* [What you should do] What you return must match the records exactly, except that the pictures are gone.

Collection entries:
________

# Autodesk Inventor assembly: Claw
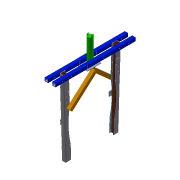
[picture p0: Inventor's stored thumbnail of the model, 180x180]
Saved by Autodesk Inventor 2015 (Build 190159000, 159)
## iProperties
Created: 2015-01-13
Part Number: Claw
Document SubType Name: Assembly
Designer: Collin_2
Author: Collin_2
## Documents named in this file (11)
- C:\Users\Tanner\Documents\GitHub\FIRST-Team-1719-CAD-Team\2015 Robot CAD\Devices\Claw\Claw.iam
- C:\Users\Tanner\Documents\GitHub\FIRST-Team-1719-CAD-Team\2015 Robot CAD\Devices\Claw\Claw - Base.ipt
- C:\Users\Tanner\Documents\GitHub\FIRST-Team-1719-CAD-Team\2015 Robot CAD\Devices\Claw\PC3.5-P1.ipt
- C:\Users\Tanner\Documents\GitHub\FIRST-Team-1719-CAD-Team\2015 Robot CAD\Devices\Claw\PC3.5-ROD.ipt
- C:\Users\Tanner\Documents\GitHub\FIRST-Team-1719-CAD-Team\2015 Robot CAD\Devices\Claw\Claw - Arm - Top (R).ipt
- C:\Users\Tanner\Documents\GitHub\FIRST-Team-1719-CAD-Team\2015 Robot CAD\Devices\Claw\Claw - Arm - Bottom (R).ipt
- C:\Users\Tanner\Documents\GitHub\FIRST-Team-1719-CAD-Team\2015 Robot CAD\Devices\Claw\Claw - Arm - Middle.ipt
- C:\Users\Tanner\Documents\GitHub\FIRST-Team-1719-CAD-Team\2015 Robot CAD\Devices\Claw\Yarm.ipt
- C:\Users\Tanner\Documents\GitHub\FIRST-Team-1719-CAD-Team\2015 Robot CAD\Devices\Claw\Claw - Arm - Plate.ipt
- C:\Users\Tanner\Documents\GitHub\FIRST-Team-1719-CAD-Team\2015 Robot CAD\Devices\Claw\Claw - L bracket.ipt
- C:\Users\Tanner\Documents\GitHub\FIRST-Team-1719-CAD-Team\2015 Robot CAD\Devices\Claw\Claw - Arm - Plate 2.ipt
## Components (17 placed, 10 different names)
1. Claw - Base:1 — Mate:18, Mate:19, Mate:20, Mate:21, Tangent:2, Flush:8, Mate:52, Flush:9, Flush:10
2. PC3.5-P1:1 — Mate:15, Mate:16, Tangent:2, Mate:53
3. PC3.5-ROD:1 — Mate:15, Mate:16, Mate:37, Mate:55
4. Claw - Arm - Top (R):1 — Mate:20, Mate:21, Mate:26, Mate:27, Mate:38, Insert:4, Mate:50, Insert:6
5. Claw - Arm - Top (R):2 — Mate:23, Mate:24, Mate:31, Mate:35, Flush:5, Insert:3, Angle:1
6. Claw - Arm - Bottom (R):1 — Mate:18, Mate:19, Mate:23, Mate:24, Mate:41, Insert:2, Flush:7, Mate:51, Insert:5
7. Claw - Arm - Bottom (R):2 — Mate:26, Mate:27, Flush:4, Mate:47, Flush:6, Insert:1, Mate:48, Mate:49, Mate:54, Angle:2
8. Claw - Arm - Middle:1 — Mate:31, Mate:41, Flush:5, Mate:51
9. Claw - Arm - Middle:2 — Flush:4, Mate:48, Mate:49, Mate:50
10. Yarm:1 — Mate:35, Mate:37, Mate:40, Insert:3
11. Yarm:2 — Mate:38, Mate:40, Insert:4, Mate:55
12. Claw - Arm - Plate:1 — Mate:47, Flush:6, Insert:1
13. Claw - Arm - Plate:2 — Insert:2, Flush:7
14. Claw - L bracket:1 — Flush:8, Mate:52, Mate:53
15. Claw - Base:2 — Mate:54, Flush:9, Flush:10
16. Claw - Arm - Plate 2:1 — Insert:5, Angle:1
17. Claw - Arm - Plate 2:2 — Insert:6, Angle:2
## Relationships (41: Mate 25, Flush 7, Insert 6, Angle 2, Tangent 1)
- Mate:15: PC3.5-P1:1 ↔ PC3.5-ROD:1
- Mate:16: PC3.5-P1:1 ↔ PC3.5-ROD:1
- Mate:18: Claw - Base:1 ↔ Claw - Arm - Bottom (R):1
- Mate:19: Claw - Base:1 ↔ Claw - Arm - Bottom (R):1
- Mate:20: Claw - Base:1 ↔ Claw - Arm - Top (R):1
- Mate:21: Claw - Base:1 ↔ Claw - Arm - Top (R):1
- Mate:23: Claw - Arm - Top (R):2 ↔ Claw - Arm - Bottom (R):1
- Mate:24: Claw - Arm - Top (R):2 ↔ Claw - Arm - Bottom (R):1
- Mate:26: Claw - Arm - Top (R):1 ↔ Claw - Arm - Bottom (R):2
- Mate:27: Claw - Arm - Top (R):1 ↔ Claw - Arm - Bottom (R):2
- Mate:31: Claw - Arm - Top (R):2 ↔ Claw - Arm - Middle:1
- Mate:35: Claw - Arm - Top (R):2 ↔ Yarm:1
- Mate:37: PC3.5-ROD:1 ↔ Yarm:1
- Mate:38: Claw - Arm - Top (R):1 ↔ Yarm:2
- Mate:40: Yarm:1 ↔ Yarm:2
- Tangent:2 (285.75 mm): Claw - Base:1 ↔ PC3.5-P1:1
- Mate:41: Claw - Arm - Bottom (R):1 ↔ Claw - Arm - Middle:1
- Flush:4: Claw - Arm - Bottom (R):2 ↔ Claw - Arm - Middle:2
- Flush:5: Claw - Arm - Top (R):2 ↔ Claw - Arm - Middle:1
- Mate:47: Claw - Arm - Bottom (R):2 ↔ Claw - Arm - Plate:1
- Flush:6: Claw - Arm - Bottom (R):2 ↔ Claw - Arm - Plate:1
- Insert:1: Claw - Arm - Bottom (R):2 ↔ Claw - Arm - Plate:1
- Insert:2: Claw - Arm - Bottom (R):1 ↔ Claw - Arm - Plate:2
- Flush:7: Claw - Arm - Bottom (R):1 ↔ Claw - Arm - Plate:2
- Mate:48: Claw - Arm - Bottom (R):2 ↔ Claw - Arm - Middle:2
- Mate:49: Claw - Arm - Bottom (R):2 ↔ Claw - Arm - Middle:2
- Insert:3: Claw - Arm - Top (R):2 ↔ Yarm:1
- Insert:4: Claw - Arm - Top (R):1 ↔ Yarm:2
- Mate:50: Claw - Arm - Top (R):1 ↔ Claw - Arm - Middle:2
- Mate:51: Claw - Arm - Bottom (R):1 ↔ Claw - Arm - Middle:1
- Flush:8: Claw - Base:1 ↔ Claw - L bracket:1
- Mate:52: Claw - Base:1 ↔ Claw - L bracket:1
- Mate:53: PC3.5-P1:1 ↔ Claw - L bracket:1
- Mate:54: Claw - Arm - Bottom (R):2 ↔ Claw - Base:2
- Flush:9: Claw - Base:1 ↔ Claw - Base:2
- Flush:10: Claw - Base:1 ↔ Claw - Base:2
- Mate:55: PC3.5-ROD:1 ↔ Yarm:2
- Insert:5: Claw - Arm - Bottom (R):1 ↔ Claw - Arm - Plate 2:1
- Insert:6: Claw - Arm - Top (R):1 ↔ Claw - Arm - Plate 2:2
- Angle:1 (0 deg): Claw - Arm - Top (R):2 ↔ Claw - Arm - Plate 2:1
- Angle:2 (0 deg): Claw - Arm - Bottom (R):2 ↔ Claw - Arm - Plate 2:2

________

* [Response below]
# Autodesk Inventor assembly: Claw
[picture p0: Inventor's stored thumbnail of the model, 180x180]
Saved by Autodesk Inventor 2015 (Build 190159000, 159)
## iProperties
Created: 2015-01-13
Part Number: Claw
Document SubType Name: Assembly
Designer: Collin_2
Author: Collin_2
## Documents named in this file (11)
- C:\Users\Tanner\Documents\GitHub\FIRST-Team-1719-CAD-Team\2015 Robot CAD\Devices\Claw\Claw.iam
- C:\Users\Tanner\Documents\GitHub\FIRST-Team-1719-CAD-Team\2015 Robot CAD\Devices\Claw\Claw - Base.ipt
- C:\Users\Tanner\Documents\GitHub\FIRST-Team-1719-CAD-Team\2015 Robot CAD\Devices\Claw\PC3.5-P1.ipt
- C:\Users\Tanner\Documents\GitHub\FIRST-Team-1719-CAD-Team\2015 Robot CAD\Devices\Claw\PC3.5-ROD.ipt
- C:\Users\Tanner\Documents\GitHub\FIRST-Team-1719-CAD-Team\2015 Robot CAD\Devices\Claw\Claw - Arm - Top (R).ipt
- C:\Users\Tanner\Documents\GitHub\FIRST-Team-1719-CAD-Team\2015 Robot CAD\Devices\Claw\Claw - Arm - Bottom (R).ipt
- C:\Users\Tanner\Documents\GitHub\FIRST-Team-1719-CAD-Team\2015 Robot CAD\Devices\Claw\Claw - Arm - Middle.ipt
- C:\Users\Tanner\Documents\GitHub\FIRST-Team-1719-CAD-Team\2015 Robot CAD\Devices\Claw\Yarm.ipt
- C:\Users\Tanner\Documents\GitHub\FIRST-Team-1719-CAD-Team\2015 Robot CAD\Devices\Claw\Claw - Arm - Plate.ipt
- C:\Users\Tanner\Documents\GitHub\FIRST-Team-1719-CAD-Team\2015 Robot CAD\Devices\Claw\Claw - L bracket.ipt
- C:\Users\Tanner\Documents\GitHub\FIRST-Team-1719-CAD-Team\2015 Robot CAD\Devices\Claw\Claw - Arm - Plate 2.ipt
## Components (17 placed, 10 different names)
1. Claw - Base:1 — Mate:18, Mate:19, Mate:20, Mate:21, Tangent:2, Flush:8, Mate:52, Flush:9, Flush:10
2. PC3.5-P1:1 — Mate:15, Mate:16, Tangent:2, Mate:53
3. PC3.5-ROD:1 — Mate:15, Mate:16, Mate:37, Mate:55
4. Claw - Arm - Top (R):1 — Mate:20, Mate:21, Mate:26, Mate:27, Mate:38, Insert:4, Mate:50, Insert:6
5. Claw - Arm - Top (R):2 — Mate:23, Mate:24, Mate:31, Mate:35, Flush:5, Insert:3, Angle:1
6. Claw - Arm - Bottom (R):1 — Mate:18, Mate:19, Mate:23, Mate:24, Mate:41, Insert:2, Flush:7, Mate:51, Insert:5
7. Claw - Arm - Bottom (R):2 — Mate:26, Mate:27, Flush:4, Mate:47, Flush:6, Insert:1, Mate:48, Mate:49, Mate:54, Angle:2
8. Claw - Arm - Middle:1 — Mate:31, Mate:41, Flush:5, Mate:51
9. Claw - Arm - Middle:2 — Flush:4, Mate:48, Mate:49, Mate:50
10. Yarm:1 — Mate:35, Mate:37, Mate:40, Insert:3
11. Yarm:2 — Mate:38, Mate:40, Insert:4, Mate:55
12. Claw - Arm - Plate:1 — Mate:47, Flush:6, Insert:1
13. Claw - Arm - Plate:2 — Insert:2, Flush:7
14. Claw - L bracket:1 — Flush:8, Mate:52, Mate:53
15. Claw - Base:2 — Mate:54, Flush:9, Flush:10
16. Claw - Arm - Plate 2:1 — Insert:5, Angle:1
17. Claw - Arm - Plate 2:2 — Insert:6, Angle:2
## Relationships (41: Mate 25, Flush 7, Insert 6, Angle 2, Tangent 1)
- Mate:15: PC3.5-P1:1 ↔ PC3.5-ROD:1
- Mate:16: PC3.5-P1:1 ↔ PC3.5-ROD:1
- Mate:18: Claw - Base:1 ↔ Claw - Arm - Bottom (R):1
- Mate:19: Claw - Base:1 ↔ Claw - Arm - Bottom (R):1
- Mate:20: Claw - Base:1 ↔ Claw - Arm - Top (R):1
- Mate:21: Claw - Base:1 ↔ Claw - Arm - Top (R):1
- Mate:23: Claw - Arm - Top (R):2 ↔ Claw - Arm - Bottom (R):1
- Mate:24: Claw - Arm - Top (R):2 ↔ Claw - Arm - Bottom (R):1
- Mate:26: Claw - Arm - Top (R):1 ↔ Claw - Arm - Bottom (R):2
- Mate:27: Claw - Arm - Top (R):1 ↔ Claw - Arm - Bottom (R):2
- Mate:31: Claw - Arm - Top (R):2 ↔ Claw - Arm - Middle:1
- Mate:35: Claw - Arm - Top (R):2 ↔ Yarm:1
- Mate:37: PC3.5-ROD:1 ↔ Yarm:1
- Mate:38: Claw - Arm - Top (R):1 ↔ Yarm:2
- Mate:40: Yarm:1 ↔ Yarm:2
- Tangent:2 (285.75 mm): Claw - Base:1 ↔ PC3.5-P1:1
- Mate:41: Claw - Arm - Bottom (R):1 ↔ Claw - Arm - Middle:1
- Flush:4: Claw - Arm - Bottom (R):2 ↔ Claw - Arm - Middle:2
- Flush:5: Claw - Arm - Top (R):2 ↔ Claw - Arm - Middle:1
- Mate:47: Claw - Arm - Bottom (R):2 ↔ Claw - Arm - Plate:1
- Flush:6: Claw - Arm - Bottom (R):2 ↔ Claw - Arm - Plate:1
- Insert:1: Claw - Arm - Bottom (R):2 ↔ Claw - Arm - Plate:1
- Insert:2: Claw - Arm - Bottom (R):1 ↔ Claw - Arm - Plate:2
- Flush:7: Claw - Arm - Bottom (R):1 ↔ Claw - Arm - Plate:2
- Mate:48: Claw - Arm - Bottom (R):2 ↔ Claw - Arm - Middle:2
- Mate:49: Claw - Arm - Bottom (R):2 ↔ Claw - Arm - Middle:2
- Insert:3: Claw - Arm - Top (R):2 ↔ Yarm:1
- Insert:4: Claw - Arm - Top (R):1 ↔ Yarm:2
- Mate:50: Claw - Arm - Top (R):1 ↔ Claw - Arm - Middle:2
- Mate:51: Claw - Arm - Bottom (R):1 ↔ Claw - Arm - Middle:1
- Flush:8: Claw - Base:1 ↔ Claw - L bracket:1
- Mate:52: Claw - Base:1 ↔ Claw - L bracket:1
- Mate:53: PC3.5-P1:1 ↔ Claw - L bracket:1
- Mate:54: Claw - Arm - Bottom (R):2 ↔ Claw - Base:2
- Flush:9: Claw - Base:1 ↔ Claw - Base:2
- Flush:10: Claw - Base:1 ↔ Claw - Base:2
- Mate:55: PC3.5-ROD:1 ↔ Yarm:2
- Insert:5: Claw - Arm - Bottom (R):1 ↔ Claw - Arm - Plate 2:1
- Insert:6: Claw - Arm - Top (R):1 ↔ Claw - Arm - Plate 2:2
- Angle:1 (0 deg): Claw - Arm - Top (R):2 ↔ Claw - Arm - Plate 2:1
- Angle:2 (0 deg): Claw - Arm - Bottom (R):2 ↔ Claw - Arm - Plate 2:2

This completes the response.